This is really fast work - from idea to prototype in ~7 days - excellent news!


----------



## dyyys1 (Mar 27, 2007)

*Re: Surefire A2 Add-on... Would you buy it?*

Great idea, AC. I would love a low red option on my A2. I am definitely interested, but I must say that $50 is a bit high for me, as well. Whether I buy one definitely depends on final price. One concern I have is the quality of the beam when only one LED is on. It seems like because of the reflector the beam will look very lopsided and won't go straight out of the light. I guess I need to cover 2 of my leds on my A2 and see what it looks like.


----------



## js (Mar 27, 2007)

*Re: Surefire A2 Add-on... Would you buy it?*

AC,

Definite interest here in some configuration or other. I'm still thinking what would be best in terms of how many of what color, but I _think_ I like the basic idea. $50 isn't too high, BTW.
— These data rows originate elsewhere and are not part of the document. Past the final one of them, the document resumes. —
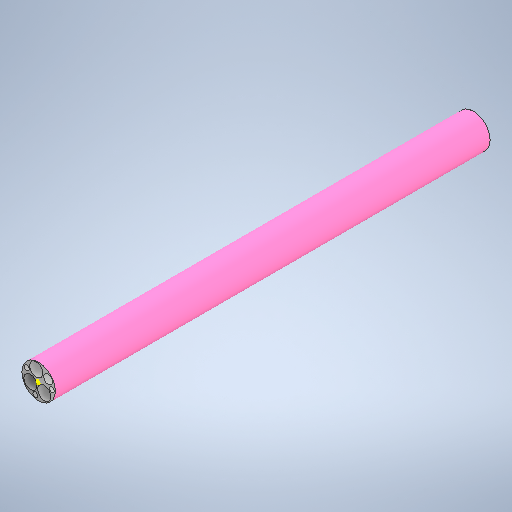
# Autodesk Inventor part: outer casing
Saved by Autodesk Inventor 2025.2 (Build 292293000, 293)
## iProperties
Created: 2025-03-12
Part Number: outer casing
Material: Generic
Document SubType Name: Modeling
Designer: avnr2
Density: 1 g/cm^3
Appearance: Default
Author: avnr2
Autodesk Inventor part; units mm, degrees
ref_plane "YZ Plane" through (0, 0, 0) normal (1, 0, 0) x (0, 1, 0)
ref_plane "XZ Plane" through (0, 0, 0) normal (0, 1, 0) x (-1, 0, 0)
ref_plane "XY Plane" through (0, 0, 0) normal (0, 0, 1) x (1, 0, 0)
sketch "Sketch1" plane through (0, 0, 0) normal (0, 1, 0) x (-1, 0, 0)
  circle A0 centre (0, 0) radius 5
  circle A1 centre (0.7051, 2.7925) radius 2
  circle A2 centre (-1.6909, -2.1323) radius 2
  circle A3 centre (2.4362, -1.3202) radius 2
  circle A4 centre (-2.8575, 2.0067) radius 1.35
  circle A5 centre (3.5172, 1.7971) radius 0.75
  circle A6 centre (0.9671, -3.8612) radius 0.75
  circle A7 centre (-3.984, -0.1323) radius 0.75
  point P0 (2.4362, -7.492)
  point P1 (2.4362, -7.492)
  dimension "d0" = 10
  dimension "d1" = 4
  dimension "d2" = 4
  dimension "d3" = 4
  dimension "d5" = 2.7
  dimension "d6" = 1.5
  dimension "d7" = 1.5
  dimension "d8" = 1.5
  constraints: 8 centre point, 2 coincident
  measures "d0" diameter of A0
  measures "d1" diameter of A1
  measures "d2" diameter of A2
  measures "d3" diameter of A3
  measures "d5" diameter of A4
  measures "d6" diameter of A6
  measures "d7" diameter of A5
  measures "d8" diameter of A7
extrude "Extrusion1" add sketch "Sketch1" along normal blind 130
sketch "Sketch2" plane through (0, 0, 0) normal (0, -1, 0) x (1, 0, 0)
  point P0 (0, 0)
sketch "Sketch3" plane through (0, 0, 0) normal (0, -1, 0) x (1, 0, 0)
  point P0 (0, 0)
body "Solid1"

In any case, I'd DEFINITELY be very interested in buying some straight replacement rings with no circuitry at all. One red, one yellow-green, one white THC. (Assuming you end up making those available).


----------



## GreySave (Mar 27, 2007)

*Re: Surefire A2 Add-on... Would you buy it?*

<< I'd DEFINITELY be very interested in buying some straight replacement rings with no circuitry at all. One red, one yellow-green, one white THC. (Assuming you end up making those available).>>

Another vote for that option!


----------



## Atomic_Chicken (Mar 27, 2007)

*Re: Surefire A2 Add-on... Would you buy it?*

Greetings!

js, GreySave, and others who have inquired about no-circuitry rings. I have designed a LED-only circuit board (no microcontroller) and plan on eventually offering it as an option too. If this whole project takes off like I suspect it will, I'm going to try and offer a broad range of A2 mods and add-ons. Keep checking this thread for updates... exciting things coming up! 

Best wishes,
Bawko


----------



## cd-card-biz (Mar 27, 2007)

*Re: Surefire A2 Add-on... Would you buy it?*

Price it right and I'm in too! Just received my A2 yesterday from the Tactical Supply closeout sale. 

Thanks Atomic_Chicken!


----------



## Well-Lit (Mar 27, 2007)

*Re: Surefire A2 Add-on... Would you buy it?*

AC,

Count me in also. I have two A2's ready for different options...

Bob


----------



## astrogrub (Mar 27, 2007)

*Re: Surefire A2 Add-on... Would you buy it?*

As an A2 accessory junkie I'd have to buy at least one. What does it do again?


----------



## Atomic_Chicken (Mar 29, 2007)

*Re: Surefire A2 Add-on... Would you buy it?*

Greetings!



astrogrub said:


> As an A2 accessory junkie I'd have to buy at least one. What does it do again?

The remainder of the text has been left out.